>>>

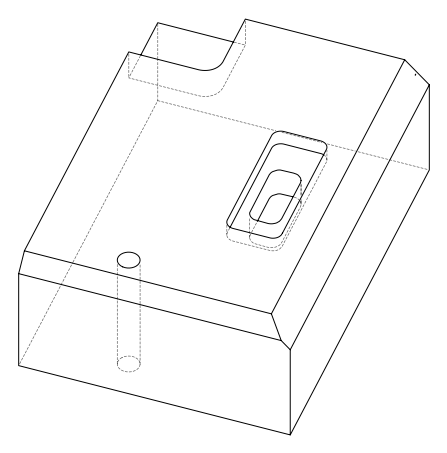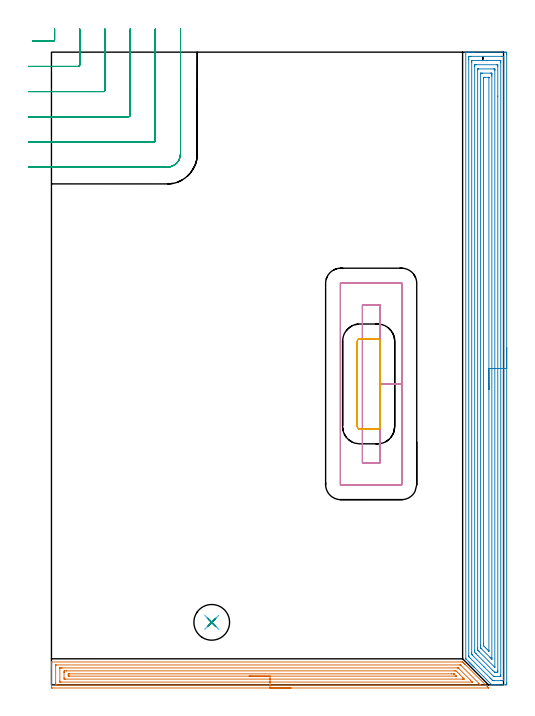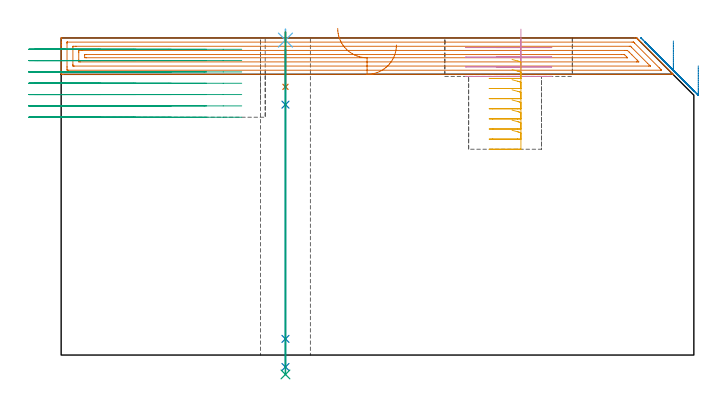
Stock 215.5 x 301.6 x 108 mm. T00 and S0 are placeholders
(PLAN: 9 operations, 6 tool changes, 40.3 min)
(1 AREA_MILL | FG_CHAMFER_SURFACE | UGT0205_001 | 8.31 min | 16434 mm3)
(2 AREA_MILL_1 | FG_CHAMFER_SURFACE_1 | UGT0205_001 | 17.05 min | 56298 mm3)
(3 MILL_CORNER_NOTCH_RECTANGULAR | CORNER_NOTCH_RECTANGULAR | UGT0201_008 | Follow Part, ap 4, ae 75% | 7.44 min | 116669 mm3)
(4 MILL_RECTANGULAR_POCKET | POCKET_RECTANGULAR_STRAIGHT | UGT0201_132 | Follow Part, ap 3.5, ae 75% | 3.84 min | 62140 mm3)
(5 MILL_RECTANGULAR_POCKET_1 | POCKET_RECTANGULAR_STRAIGHT_1 | UGT0201_132 | Follow Part, ap 3.5, ae 75% | 2.53 min | 33690 mm3)
(6 SPOT_DRILL | STEP1HOLE | NXT0321_9005460120000 | 0.03 min | 6 mm3)
(7 DRILL_BLIND_HOLE_INTO_CENTER | STEP1HOLE | NXT0301_082 | 0.08 min | 1476 mm3)
(8 GUN_DRILL_THROUGH_HOLE | STEP1HOLE | UGT0307_008 | 0.55 min | 8785 mm3)
(9 DRILL_TO_ENLARGE_THROUGH_HOLE | STEP1HOLE | UGT0301_044 | 0.47 min | 14222 mm3)
(TOOL UGT0205_001 | Chamfer Mill 20 x 3 x 45 deg. | D20 FL50 Z2)
(TOOL UGT0201_008 | End Mill 16 mm | D16 FL32 Z4)
(TOOL UGT0201_132 | Carbide End Mill 14.0 | D14 FL30 Z4)
(TOOL NXT0321_9005460120000 | NC Spot Drill, 142deg, 12mm, Carbide, Uncoated | D12 PA142 FL30 Z2)
(TOOL NXT0301_082 | Carbide Drill 11.1mm [860.1-1110-033A1-MM 2214] | D11.1 PA140 FL55 Z2)
(TOOL UGT0307_008 | Gun Drill 11 mm | D11 PA130 FL24 Z1)
(TOOL UGT0301_044 | Twist Drill 17 mm | D17 PA118 FL125 Z2)
(OP 1 AREA_MILL)
G17 G21 G94 G90
T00 M6
G54
G17 G0 G90 X114.2 Y-1.5 S1061 M3
G43 Z118. H0
Z105.6
G94 G1 X114.162 Z104.728 F250.
X114.048 Z103.864
X113.859 Z103.012
X113.597 Z102.18
X113.263 Z101.374
X112.86 Z100.6
X112.391 Z99.864
X111.86 Z99.172
X111.271 Z98.529
X110.628 Z97.94
X109.936 Z97.408
X109.2 Z96.94
X108.426 Z96.537
X107.62 Z96.203
X106.788 Z95.941
X105.936 Z95.752
X105.072 Z95.638
X104.2 Z95.6
X0.613
X0.185 Y-1.495 Z95.603
X0.01 Y-1.492 Z95.606
X0. Y-1.312 Z95.785
Y7.788 Z104.883
Y8.342 Z105.439
Y8.671 Z105.767
Y9.224 Z106.32
Y9.553 Z106.648
Y10.554 Z107.653
X0.007 Y10.892 Z107.983
X0.008 Y10.897 Z107.988
X0.166 Y10.9 Z108.
X195.285
X195.992 Y10.903 Z107.995
X196.002 Y10.897 Z107.991
X196.026 Y10.877 Z107.972
X196.178 Y10.723 Z107.821
X196.311 Y10.591 Z107.688
X196.467 Y10.436 Z107.531
X196.624 Y10.277 Z107.374
X196.746 Y10.155 Z107.252
X196.908 Y9.994 Z107.089
X197.071 Y9.83 Z106.928
X197.285 Y9.615 Z106.715
X207.937 Y-1.035 Z96.061
X208.393 Y-1.493 Z95.606
X208.397 Y-1.499 Z95.6
X104.2 Y-1.5
Y-0.086 Z97.014
X2.399 Y-0.085 Z97.015
X2.33
X2.024 Y-0.079 Z97.021
X2.01 Y0.02 Z97.12
X2.003 Y0.238 Z97.338
X2.001 Y0.729 Z97.829
X2. Y1.123 Z98.223
X2.001 Y9.064 Z106.164
X2.008 Y9.459 Z106.559
X2.01 Y9.48 Z106.58
X2.015 Y9.481 Z106.581
X2.038 Y9.484 Z106.584
X2.09 Y9.485 Z106.585
X2.193 Y9.486 Z106.586
X194.46
X194.873 Y9.484 Z106.584
X194.923 Y9.482 Z106.582
X194.946 Y9.479 Z106.579
X194.975 Y9.463 Z106.563
X195.113 Y9.331 Z106.431
X195.285 Y9.164 Z106.264
X203.721 Y0.729 Z97.829
X204.215 Y0.233 Z97.333
X204.422 Y0.016 Z97.116
X204.511 Y-0.079 Z97.021
X204.215 Y-0.084 Z97.016
X204.146 Y-0.085 Z97.015
X104.2 Y-0.086 Z97.014
Y1.328 Z98.428
X4.471 Y1.329 Z98.429
X4.185 Y1.331 Z98.431
X4.09 Y1.332 Z98.432
X4.022 Y1.335 Z98.435
X4.01 Y1.429 Z98.529
X4.004 Y1.612 Z98.712
X4.001 Y1.793 Z98.893
Y7.788 Z104.888
X4.003 Y7.969 Z105.069
X4.009 Y8.031 Z105.131
X4.015 Y8.065 Z105.165
X4.043 Y8.066 Z105.166
X4.185 Y8.069 Z105.169
X4.792 Y8.071 Z105.171
X5.078 Y8.072 Z105.172
X193.499 Y8.071 Z105.171
X193.786 Y8.069 Z105.169
X193.867 Y8.067 Z105.167
X193.914 Y8.065 Z105.165
X193.94 Y8.049 Z105.149
X194.031 Y7.963 Z105.063
X194.211 Y7.788 Z104.888
X199.75 Y2.251 Z99.351
X200.387 Y1.612 Z98.712
X200.643 Y1.351 Z98.451
X200.649 Y1.334 Z98.434
X200.643 Y1.333 Z98.433
X200.036 Y1.329 Z98.429
X104.2 Y1.328 Z98.428
Y2.743 Z99.843
X6.612
X6.122 Y2.748 Z99.848
X6.01 Y2.75 Z99.85
X6.005 Y2.945 Z100.045
X6. Y3.348 Z100.448
Y5.995 Z103.095
Y6.024 Z103.124
X6.01 Y6.45 Z103.55
X6.018 Y6.65 Z103.75
X6.226 Y6.654 Z103.754
X6.864 Y6.657 Z103.757
X7.116
X191.965
X192.606 Y6.653 Z103.753
X192.865 Y6.65 Z103.75
X193.499 Y6.052 Z103.152
X193.528 Y6.024 Z103.124
X194.392 Y5.159 Z102.259
X196.175 Y3.376 Z100.476
X196.605 Y2.934 Z100.034
X196.775 Y2.749 Z99.849
X196.677 Y2.747 Z99.847
X196.178 Y2.743 Z99.843
X195.926
X104.2
Y4.157 Z101.257
X8.65
X8.547 Y4.159 Z101.259
X8.341 Y4.164 Z101.264
X8.01 Y4.174 Z101.274
X8.008 Y4.259 Z101.359
X8.001 Y4.9 Z102.
X8.004 Y5.141 Z102.241
X8.007 Y5.221 Z102.321
X8.009 Y5.235 Z102.335
X8.1 Y5.238 Z102.338
X8.237 Y5.241 Z102.341
X8.444 Y5.243 Z102.343
X8.547
X190.82
X191.611 Y5.242 Z102.342
X191.713 Y5.24 Z102.34
X191.815 Y5.236 Z102.336
X191.862 Y5.227 Z102.327
X191.894 Y5.2 Z102.3
X191.957 Y5.141 Z102.241
X192.606 Y4.495 Z101.595
X192.837 Y4.259 Z101.359
X192.912 Y4.178 Z101.278
X192.921 Y4.163 Z101.263
X192.881 Y4.161 Z101.261
X192.812 Y4.159 Z101.259
X192.709 Y4.157 Z101.257
X192.606
X104.2
X103.328 Z101.295
X102.463 Z101.409
X101.612 Z101.598
X100.78 Z101.86
X99.974 Z102.194
X99.2 Z102.597
X98.464 Z103.065
X97.772 Z103.596
X97.129 Z104.186
X96.54 Z104.829
X96.008 Z105.521
X95.54 Z106.257
X95.137 Z107.031
X94.803 Z107.837
X94.541 Z108.669
X94.352 Z109.52
X94.238 Z110.385
X94.2 Z111.257
G0 Z118.
M5
M2
(OP 2 AREA_MILL_1)
G17 G21 G94 G90
T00 M6
G54
G17 G0 G90 X217. Y160.8 S1061 M3
G43 Z118. H0
Z98.5
G94 G1 Y160.762 Z97.628 F250.
Y160.648 Z96.763
Y160.459 Z95.912
Y160.197 Z95.08
Y159.863 Z94.274
Y159.46 Z93.5
Y158.991 Z92.764
Y158.46 Z92.072
Y157.871 Z91.429
Y157.228 Z90.84
Y156.536 Z90.308
Y155.8 Z89.84
Y155.026 Z89.437
Y154.22 Z89.103
Y153.388 Z88.841
Y152.536 Z88.652
Y151.672 Z88.538
Y150.8 Z88.5
Y1.038
X216.999 Y0.626 Z88.501
X216.995 Y0.149 Z88.503
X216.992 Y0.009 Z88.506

<<<

**Aim of the task**:
Above are the records; repeat their lines from the first through the line containing "(2 AREA_MILL_1 |", and leave out each picture.

**Your response**:
Stock 215.5 x 301.6 x 108 mm. T00 and S0 are placeholders
(PLAN: 9 operations, 6 tool changes, 40.3 min)
(1 AREA_MILL | FG_CHAMFER_SURFACE | UGT0205_001 | 8.31 min | 16434 mm3)
(2 AREA_MILL_1 | FG_CHAMFER_SURFACE_1 | UGT0205_001 | 17.05 min | 56298 mm3)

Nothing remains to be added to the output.